A return of BTR activity would add useful depth to the Scottish building pipeline. Large rental schemes generate demand for groundworks, structural frames, facades, mechanical and electrical packages, modular components, internal fit-out, landscaping, and long-term maintenance planning. The sector also supports repeatable building types, with standardised layouts and systems often used to manage cost, programme, and operational performance.
Scotland’s wider housing market remains constrained. Public-sector housing budgets are under pressure, private-sale housing has been hit by affordability constraints, and higher build costs have weakened development viability. Purpose-built rental housing cannot solve those issues alone, but a functioning BTR market can bring institutional capital into urban housing supply and create another tenure route for major cities.

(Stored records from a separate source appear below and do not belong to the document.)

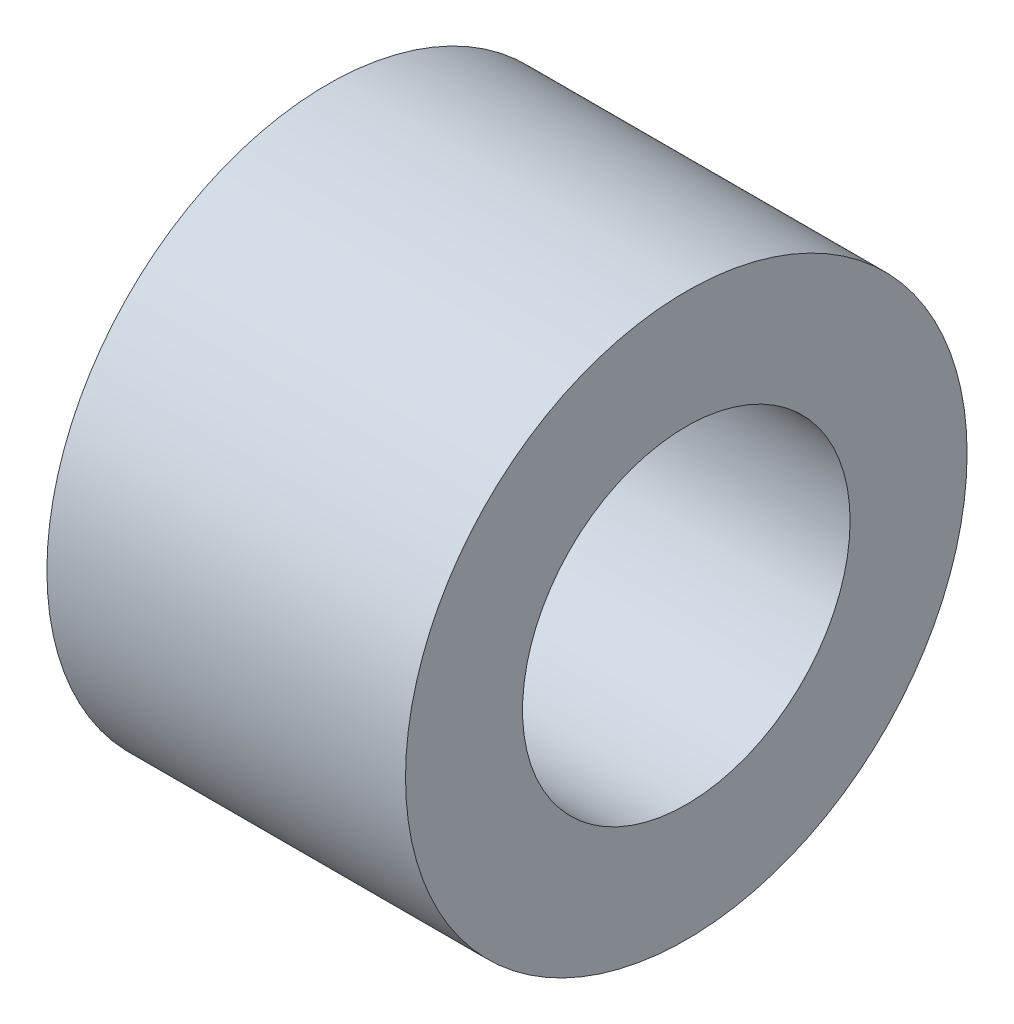
from build123d import *

# Parameters (mm, degrees)
SKETCH1_R           = 6
SKETCH1_R_2         = 3.5
BOSS_EXTRUDE1_DEPTH = 7.663296863


with BuildPart() as part:
    # Sketch1 → Boss-Extrude1 (new body)
    with BuildSketch(Plane(origin=(0, 0, 0), x_dir=(0, 0, -1), z_dir=(1, 0, 0))):
        Circle(SKETCH1_R)
        Circle(SKETCH1_R_2, mode=Mode.SUBTRACT)
    extrude(amount=BOSS_EXTRUDE1_DEPTH)


solid = part.part
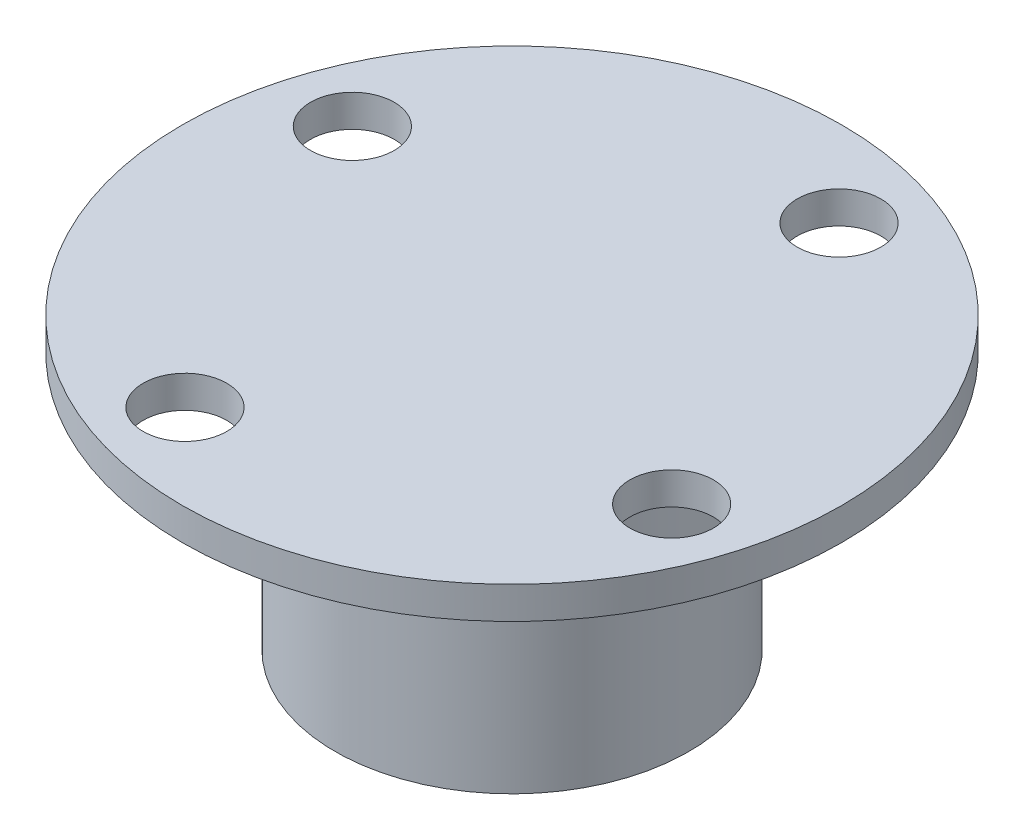
from build123d import *

# Parameters (mm, degrees)
ESQUISSE1_R                  = 10.25
BOSS_EXTRU_1_DEPTH           = 1
D_GAGEMENT_M21_D             = 2.6
R_P_TITION_CIRCULAIRE1_COUNT = 4
ESQUISSE9_R                  = 5.5
BOSS_EXTRU_4_DEPTH           = 8
ENL_V_MAT_EXTRU_1_DEPTH      = 6
CONG_1_R                     = 0.5


with BuildPart() as part:
    # Esquisse1 → Boss.-Extru.1 (new body)
    with BuildSketch(Plane.XZ.offset(38.601290575)):
        with Locations(Location((14.017249305, 17.25, 0), (0, 0, 270))):
            Circle(ESQUISSE1_R)
    extrude(amount=BOSS_EXTRU_1_DEPTH)

    # Dégagement M21 (through all)
    with Locations(Plane(origin=(0, -39.601290575, 0), x_dir=(-1, 0, 0), z_dir=(0, -1, 0))):
        with Locations((-11.415520349, -24.815117741)):
            d_gagement_m21 = Hole(D_GAGEMENT_M21_D / 2)

    # Répétition circulaire1: Dégagement M21 ×4 about axis
    r_p_tition_circulaire1_axis = Axis((14.017249305, 0, 17.25), (0, 1, 0))
    for i in range(1, R_P_TITION_CIRCULAIRE1_COUNT):
        add(d_gagement_m21.rotate(r_p_tition_circulaire1_axis, i * 360 / R_P_TITION_CIRCULAIRE1_COUNT), mode=Mode.SUBTRACT)

    # Esquisse9 → Boss.-Extru.4 (add)
    with BuildSketch(Plane(origin=(0, -39.601290575, 0), x_dir=(-1, 0, 0), z_dir=(0, -1, 0))):
        with Locations(Location((-14.017249305, -17.25, 0), (0, 0, 90))):
            Circle(ESQUISSE9_R)
    extrude(amount=BOSS_EXTRU_4_DEPTH)

    # Esquisse10 → Enlèv. mat.-Extru.1 (cut)
    with BuildSketch(Plane.XZ.offset(47.601290575)):
        with BuildLine():
            Line((11.904786288, 19.85), (16.129712323, 19.85))
            ThreePointArc((16.129712323, 19.85), (14.017249305, 13.9), (11.904786288, 19.85))
        make_face()
    extrude(amount=-ENL_V_MAT_EXTRU_1_DEPTH, mode=Mode.SUBTRACT)

    # Congé1
    cong_1_edges = [part.edges().sort_by_distance(p)[0] for p in [
        (14.017249305, -39.601290575, 22.75),
    ]]
    fillet(cong_1_edges, radius=CONG_1_R)


solid = part.part
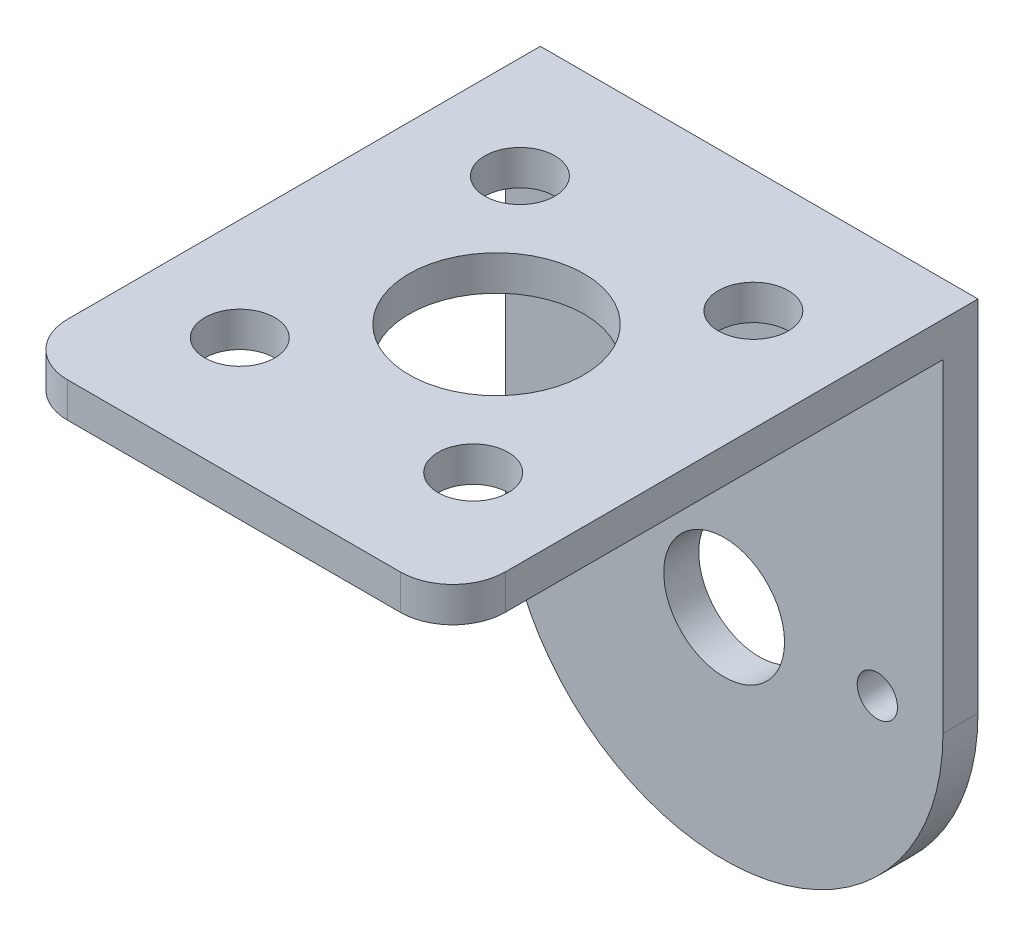
from build123d import *

# Parameters (mm, degrees)
ESBO_O1_R                = 3.45
ESBO_O1_R_2              = 1.15
RESSALTO_EXTRUS_O2_DEPTH = 2
ESBO_O2_W                = 25
ESBO_O2_H                = 2
RESSALTO_EXTRUS_O3_DEPTH = 28
ESBO_O3_R                = 5
ESBO_O3_R_2              = 2
CORTE_EXTRUS_O1_DEPTH    = 2
FILETE1_R                = 3
FILETE2_R                = 3


with BuildPart() as part:
    # Esboço1 → Ressalto-extrusão2 (new body)
    with BuildSketch(Plane.XY):
        with BuildLine():
            Line((12.456898993, -4), (12.456898993, 16.5))
            Line((12.456898993, 16.5), (-12.543101007, 16.5))
            Line((-12.543101007, 16.5), (-12.543101007, -4))
            ThreePointArc((-12.543101007, -4), (-0.043101007, -16.5), (12.456898993, -4))
        make_face()
        with Locations((-0.043101007, -4)):
            Circle(ESBO_O1_R, mode=Mode.SUBTRACT)
        with Locations((8.706898993, -4)):
            Circle(ESBO_O1_R_2, mode=Mode.SUBTRACT)
        with Locations((-8.793101007, -4)):
            Circle(ESBO_O1_R_2, mode=Mode.SUBTRACT)
    extrude(amount=RESSALTO_EXTRUS_O2_DEPTH)

    # Esboço2 → Ressalto-extrusão3 (add)
    with BuildSketch(Plane.XY.offset(2)):
        with Locations((-0.043101007, 15.5)):
            Rectangle(ESBO_O2_W, ESBO_O2_H)
    extrude(amount=RESSALTO_EXTRUS_O3_DEPTH)

    # Esboço3 → Corte-extrusão1 (cut)
    with BuildSketch(Plane.XZ.offset(-14.5)):
        with Locations(Location((-0.043101007, 15, 0), (0, 0, 270))):
            Circle(ESBO_O3_R)
        with Locations(Location((-6.709767674, 7, 0), (0, 0, 270))):
            Circle(ESBO_O3_R_2)
        with Locations(Location((6.623565659, 7, 0), (0, 0, 90))):
            Circle(ESBO_O3_R_2)
        with Locations(Location((6.623565659, 23, 0), (0, 0, 270))):
            Circle(ESBO_O3_R_2)
        with Locations(Location((-6.709767674, 23, 0), (0, 0, 90))):
            Circle(ESBO_O3_R_2)
    extrude(amount=-CORTE_EXTRUS_O1_DEPTH, mode=Mode.SUBTRACT)

    # Filete1
    filete1_edges = [part.edges().sort_by_distance(p)[0] for p in [
        (12.456898993, 15.5, 30),
    ]]
    fillet(filete1_edges, radius=FILETE1_R)

    # Filete2
    filete2_edges = [part.edges().sort_by_distance(p)[0] for p in [
        (-12.543101007, 15.5, 30),
    ]]
    fillet(filete2_edges, radius=FILETE2_R)


solid = part.part
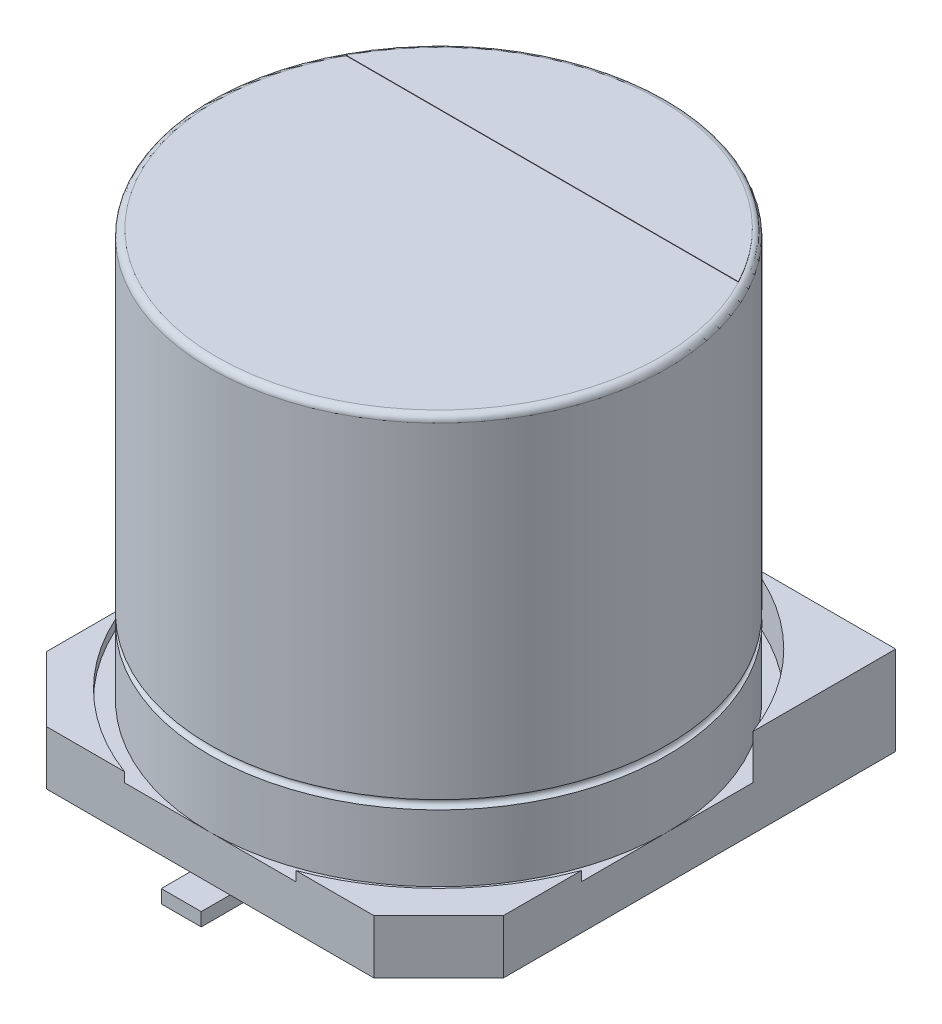
from build123d import *

# Parameters (mm, degrees)
BOSS_EXTRUDE1_DEPTH = 2
SKETCH2_R           = 5.5
CUT_EXTRUDE1_DEPTH  = 1
CUT_EXTRUDE4_START  = -10.3
SKETCH8_W           = 4.983499023
SKETCH8_H           = 1.601104922
CUT_EXTRUDE4_DEPTH  = 10.3
BOSS_EXTRUDE4_DEPTH = 0.01
SKETCH9_W           = 0.9
SKETCH9_H           = 3.5
BOSS_EXTRUDE5_DEPTH = 0.3


with BuildPart() as part:
    # Sketch1 → Boss-Extrude1 (new body)
    with BuildSketch(Plane(origin=(0, 0, 0), x_dir=(1, 0, 0), z_dir=(0, 1, 0))):
        Polygon((-5.15, 5.15), (5.15, 5.15), (5.15, -3.691193695), (3.691193695, -5.15), (-3.691193695, -5.15), (-5.15, -3.691193695), align=None)
    extrude(amount=BOSS_EXTRUDE1_DEPTH)

    # Sketch2 → Cut-Extrude1 (cut)
    with BuildSketch(Plane(origin=(0, 2, 0), x_dir=(1, 0, 0), z_dir=(0, 1, 0))):
        Circle(SKETCH2_R)
    extrude(amount=-CUT_EXTRUDE1_DEPTH, mode=Mode.SUBTRACT)

    # Sketch8 → Cut-Extrude4 (cut)
    with BuildSketch(Plane.ZY.offset(5.15).offset(CUT_EXTRUDE4_START)):
        with Locations((3.408264651, 2.017914887)):
            Rectangle(SKETCH8_W, SKETCH8_H)
    extrude(amount=CUT_EXTRUDE4_DEPTH, mode=Mode.SUBTRACT)

    # Sketch5 → Revolve1 (revolve)
    with BuildSketch(Plane.XY, mode=Mode.PRIVATE) as revolve1_sk:
        with BuildLine():
            Line((0, 1), (-5.15, 1))
            Line((-5.15, 1), (-5.15, 2.5))
            ThreePointArc((-5.15, 2.5), (-5.05, 2.6), (-5.15, 2.7))
            Line((-5.15, 2.7), (-5.15, 10.05))
            ThreePointArc((-5.15, 10.05), (-5.106066017, 10.156066017), (-5, 10.2))
            Line((-5, 10.2), (0, 10.2))
            Line((0, 10.2), (0, 1))
        make_face()
    revolve(revolve1_sk.sketch.rotate(Axis((0, 10.2, 0), (0, -1, 0)), 270), axis=Axis((0, 10.2, 0), (0, -1, 0)))

    # Sketch6 → Boss-Extrude4 (add)
    with BuildSketch(Plane(origin=(0, 10.2, 0), x_dir=(1, 0, 0), z_dir=(0, 1, 0))):
        with BuildLine():
            Line((-4.420287671, 2.336890435), (4.420287671, 2.336890435))
            ThreePointArc((4.420287671, 2.336890435), (0, 5), (-4.420287671, 2.336890435))
        make_face()
    extrude(amount=BOSS_EXTRUDE4_DEPTH)

    # Sketch9 → Boss-Extrude5 (add)
    with BuildSketch(Plane.XZ):
        with Locations((0, -4.05)):
            Rectangle(SKETCH9_W, SKETCH9_H)
        with Locations((0, 4.05)):
            Rectangle(SKETCH9_W, SKETCH9_H)
    extrude(amount=BOSS_EXTRUDE5_DEPTH)


solid = part.part
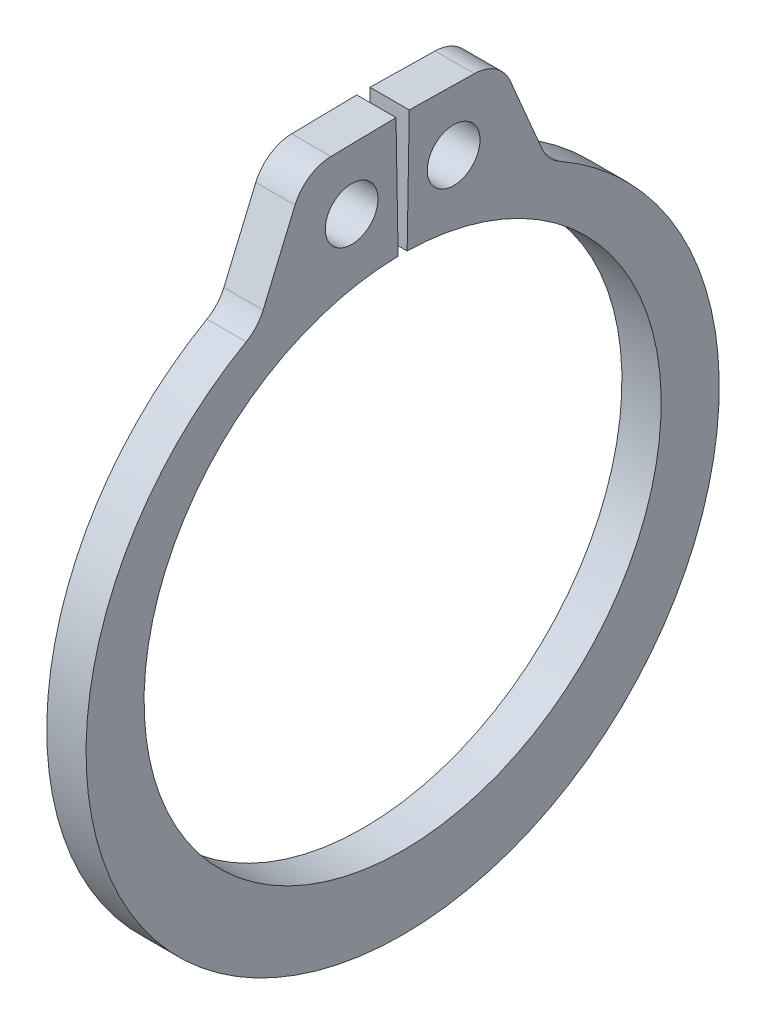
from build123d import *

# Parameters (mm, degrees)
SKETCH1_R      = 0.5969
EXTRUDE1_DEPTH = 0.4445
FILLET1_R      = 0.9017


with BuildPart() as part:
    # Sketch1 → Extrude1 (new, symmetric)
    with BuildSketch(Plane(origin=(0, 0, 0), x_dir=(0, 0, -1), z_dir=(1, 0, 0))):
        with BuildLine():
            Line((-0.102178604, 5.853808301), (-0.150054045, 8.596590498))
            Line((-0.150054045, 8.596590498), (-2.207140693, 8.560683917))
            Line((-2.207140693, 8.560683917), (-3.281285866, 6.036528932))
            ThreePointArc((-3.281285866, 6.036528932), (0, -7.5057), (3.281285866, 6.036528932))
            Line((3.281285866, 6.036528932), (2.207140693, 8.560683917))
            Line((2.207140693, 8.560683917), (0.150054045, 8.596590498))
            Line((0.150054045, 8.596590498), (0.102178604, 5.853808301))
            ThreePointArc((0.102178604, 5.853808301), (0, -5.8547), (-0.102178604, 5.853808301))
        make_face()
        with Locations((-1.154659649, 7.207246109)):
            Circle(SKETCH1_R, mode=Mode.SUBTRACT)
        with Locations((1.154659649, 7.207246109)):
            Circle(SKETCH1_R, mode=Mode.SUBTRACT)
    extrude(amount=EXTRUDE1_DEPTH, both=True)

    # Fillet1
    fillet1_edges = [part.edges().sort_by_distance(p)[0] for p in [
        (0, 8.560683917, -2.207140693),
        (0, 6.036528932, -3.281285866),
        (0, 6.036528932, 3.281285866),
        (0, 8.560683917, 2.207140693),
    ]]
    fillet(fillet1_edges, radius=FILLET1_R)


solid = part.part
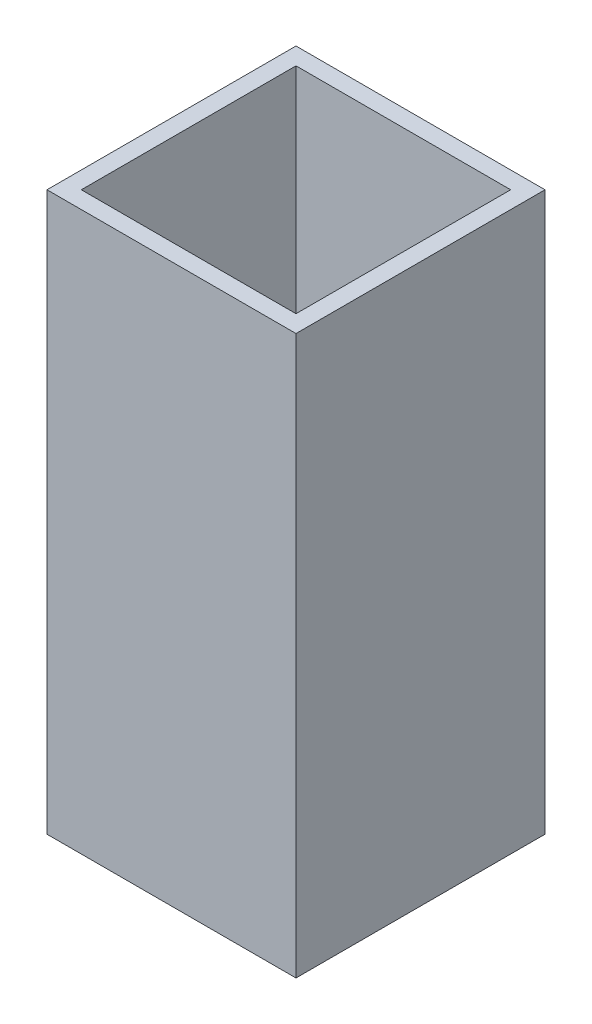
from build123d import *

# Parameters (mm, degrees)
SKETCH_1_W      = 29
SKETCH_1_H      = 29
EXTRUDE_1_DEPTH = 65
SHELL_1_T       = -2


with BuildPart() as part:
    # Эскиз1 → Бобышка-Вытянуть1 (new body)
    with BuildSketch(Plane(origin=(0, 0, 0), x_dir=(1, 0, 0), z_dir=(0, 1, 0))):
        Rectangle(SKETCH_1_W, SKETCH_1_H)
    extrude(amount=EXTRUDE_1_DEPTH)

    # Оболочка1
    shell_1_openings = [part.faces().sort_by_distance(p)[0] for p in [
        (0, 65, 0),
        (0, 0, 0),
    ]]
    offset(amount=SHELL_1_T, openings=shell_1_openings, kind=Kind.INTERSECTION)


solid = part.part

The exemption now gives Scotland a clear policy test. If investor confidence returns and stalled schemes begin moving, targeted regulatory carve-outs may help support supply while leaving rent control protections elsewhere in the market. If delivery remains slow, attention will shift back to planning speed, grid capacity, construction costs, and finance availability. Scotland’s BTR sector has regulatory clarity again, and developers now have a stronger basis for revisiting schemes that had been left on hold.